BEGIN INFORMATION SHOWN
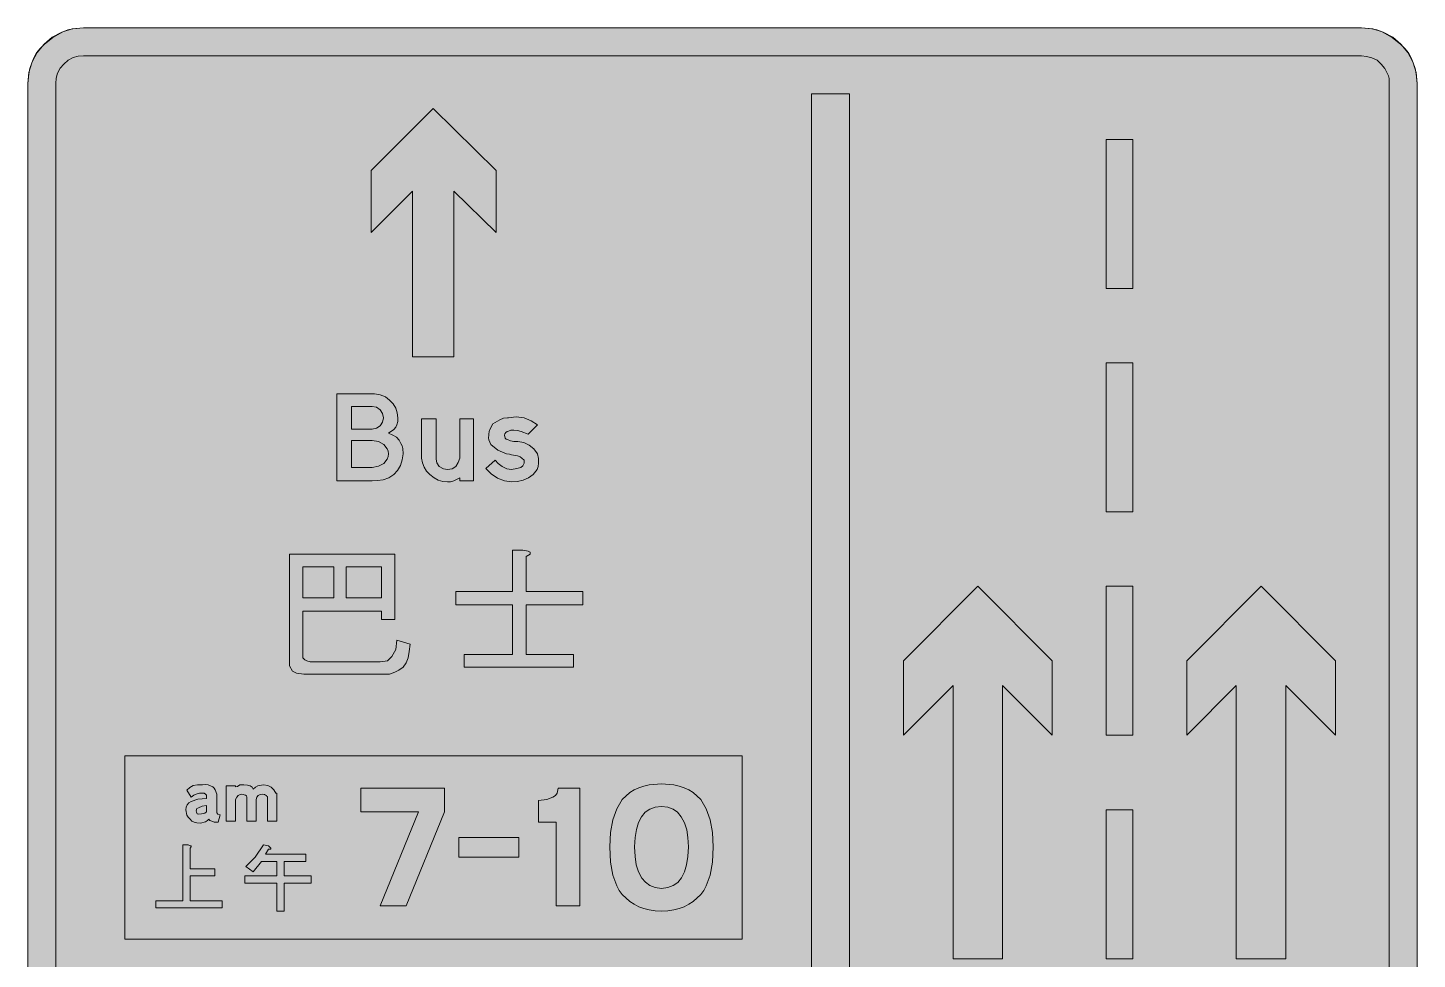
# Model space of a CAD drawing. Header units: metres. Extents: x 164 to 406, y 6 to 266.
# Drawn here: x 163.8 to 405.7, y 103.4 to 265.5 of the extents above; entities that cross this region are included whole.
import ezdxf

# ---------------------------------------------------------------- set-up
doc = ezdxf.new("R2010")
doc.units = ezdxf.units.M
for name, color, linetype, true_color in [('FILL_BLACK_000000', 7, 'Continuous', 0x000000), ('FILL_BLUE_0000FF', 7, 'Continuous', 0x0000ff), ('FILL_WHITE_FFFFFF', 7, 'Continuous', 0xffffff), ('STROKE_BLUE_0000FF', 7, 'Continuous', 0x0000ff)]:
    doc.layers.add(name, color=color, linetype=linetype, true_color=true_color)

msp = doc.modelspace()

# ---------------------------------------------------------------- hatches: boundary and pattern name
at = {"layer": 'FILL_BLACK_000000', "true_color": 0x000000}
h = msp.add_hatch(color=7, dxfattribs=at)
h.dxf.hatch_style = 1
h.paths.add_polyline_path([(196.25, 127.28), (195.84, 127.44), (195.5, 127.55), (195.3, 127.8), (195.08, 127.54), (194.72, 127.3), (193.86, 127.08), (193.25, 127.12), (192.76, 127.24), (192.37, 127.46), (192.06, 127.8), (191.72, 128.1), (191.5, 128.47), (191.34, 129.42), (191.4, 129.87), (191.57, 130.26), (191.86, 130.6), (192.26, 130.88), (193.39, 131.27), (194.94, 131.4), (194.94, 131.58), (194.92, 131.98), (194.76, 132.12), (194.49, 132.28), (194.22, 132.3), (193.68, 132.28), (193.14, 132.12), (192.69, 131.98), (192.24, 131.58), (191.52, 132.84), (191.99, 133.31), (192.6, 133.63), (193.34, 133.78), (194.22, 133.74), (194.73, 133.81), (195.19, 133.76), (196.02, 133.38), (196.26, 133.18), (196.45, 132.88), (196.74, 132.12), (196.74, 128.88), (196.88, 128.63), (197.28, 128.52), (196.92, 127.26), (196.25, 127.28)])
h.paths.add_polyline_path([(193.32, 128.7), (193.61, 128.63), (194.04, 128.7), (194.63, 128.81), (194.94, 129.06), (194.94, 130.14), (194.15, 130.03), (193.5, 129.78), (193.25, 129.64), (193.14, 129.24), (193.16, 128.97), (193.32, 128.7)], flags=16)
h = msp.add_hatch(color=7, dxfattribs=at)
h.dxf.hatch_style = 1
h.paths.add_polyline_path([(204.26, 132.06), (203.92, 131.87), (203.67, 131.59), (203.58, 131.22), (203.58, 127.44), (201.96, 127.44), (201.96, 131.58), (201.9, 131.82), (201.71, 131.98), (201.06, 132.12), (200.76, 132.06), (200.45, 131.87), (200.17, 131.59), (199.98, 131.22), (199.98, 127.44), (198.36, 127.44), (198.36, 133.56), (199.98, 133.56), (199.98, 133.38), (200.34, 133.49), (200.7, 133.74), (201.42, 133.74), (202.03, 133.7), (202.5, 133.58), (202.84, 133.36), (203.04, 133.02), (203.45, 133.36), (203.87, 133.58), (204.84, 133.74), (205.58, 133.64), (206.19, 133.36), (206.66, 132.9), (207, 132.3), (207.16, 132.28), (207.18, 132.12), (207.18, 131.94), (207.18, 127.44), (205.56, 127.44), (205.56, 131.58), (205.54, 131.74), (205.38, 131.76), (205.36, 131.92), (205.2, 131.94), (205, 132.1), (204.66, 132.12), (204.26, 132.06)])
h = msp.add_hatch(color=7, dxfattribs=at)
h.dxf.hatch_style = 1
h.paths.add_polyline_path([(231.84, 129.06), (221.76, 129.06), (221.76, 133.2), (236.34, 133.2), (236.34, 129.06), (229.68, 112.68), (225.18, 112.68), (231.84, 129.06)])
h = msp.add_hatch(color=7, dxfattribs=at)
h.dxf.hatch_style = 1
h.paths.add_polyline_path([(259.92, 112.68), (255.78, 112.68), (255.78, 127.26), (252.72, 127.26), (252.72, 131.04), (254.16, 131.22), (255.24, 131.58), (255.67, 131.87), (255.96, 132.3), (256.14, 133.2), (259.92, 133.2), (259.92, 112.68)])
h = msp.add_hatch(color=7, dxfattribs=at)
h.dxf.hatch_style = 1
h.paths.add_polyline_path([(282.6, 118.06), (281.93, 116.18), (281.49, 115.38), (280.98, 114.66), (279.66, 113.45), (278.91, 112.96), (278.1, 112.54), (277.22, 112.22), (276.27, 111.98), (275.25, 111.83), (274.14, 111.78), (273.03, 111.83), (272.01, 111.98), (271.06, 112.22), (270.18, 112.54), (269.37, 112.96), (268.62, 113.45), (267.3, 114.66), (266.79, 115.38), (266.36, 116.18), (265.68, 118.06), (265.28, 120.3), (265.14, 122.94), (265.28, 125.47), (265.68, 127.69), (266.36, 129.6), (267.3, 131.22), (268.62, 132.4), (269.37, 132.87), (270.18, 133.24), (271.06, 133.54), (272.01, 133.75), (274.14, 133.92), (276.27, 133.75), (277.22, 133.54), (278.1, 133.24), (278.91, 132.87), (279.66, 132.4), (280.98, 131.22), (281.93, 129.6), (282.6, 127.69), (283.01, 125.47), (283.14, 122.94), (283.01, 120.3), (282.6, 118.06)])
h.paths.add_polyline_path([(278.53, 125.95), (278.14, 127.14), (277.56, 128.16), (276.95, 128.97), (276.19, 129.53), (275.26, 129.86), (274.14, 129.96), (273.06, 129.85), (272.12, 129.52), (271.31, 128.97), (270.65, 128.2), (270.13, 127.22), (269.76, 126.01), (269.54, 124.59), (269.46, 122.94), (269.53, 121.29), (269.75, 119.83), (270.14, 118.59), (270.72, 117.54), (271.33, 116.8), (272.09, 116.23), (273.02, 115.87), (274.14, 115.74), (275.22, 115.86), (276.16, 116.21), (276.97, 116.78), (277.63, 117.58), (278.15, 118.61), (278.52, 119.84), (278.74, 121.29), (278.82, 122.94), (278.75, 124.57), (278.53, 125.95)], flags=16)
h = msp.add_hatch(color=7, dxfattribs=at)
h.dxf.hatch_style = 1
h.paths.add_polyline_path([(249.3, 124.56), (249.3, 121.14), (238.86, 121.14), (238.86, 124.56), (249.3, 124.56)])
h = msp.add_hatch(color=7, dxfattribs=at)
h.dxf.hatch_style = 1
h.paths.add_polyline_path([(192.06, 123.12), (192.24, 123.12), (192.24, 122.94), (192.06, 122.76), (192.06, 119.16), (196.38, 119.16), (196.38, 117.9), (192.06, 117.9), (192.06, 113.58), (197.64, 113.58), (197.64, 112.32), (186.12, 112.32), (186.12, 113.58), (190.8, 113.58), (190.8, 123.3), (191.7, 123.3), (192.06, 123.12)])
h = msp.add_hatch(color=7, dxfattribs=at)
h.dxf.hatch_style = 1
END INFORMATION SHOWN
◆ **WHAT YOU HAVE TO DO**
Search the data above for the word "ezdxf", then gather each line in which it appears.

◆ **YOUR SOLUTION**
import ezdxf
doc = ezdxf.new("R2010")
doc.units = ezdxf.units.M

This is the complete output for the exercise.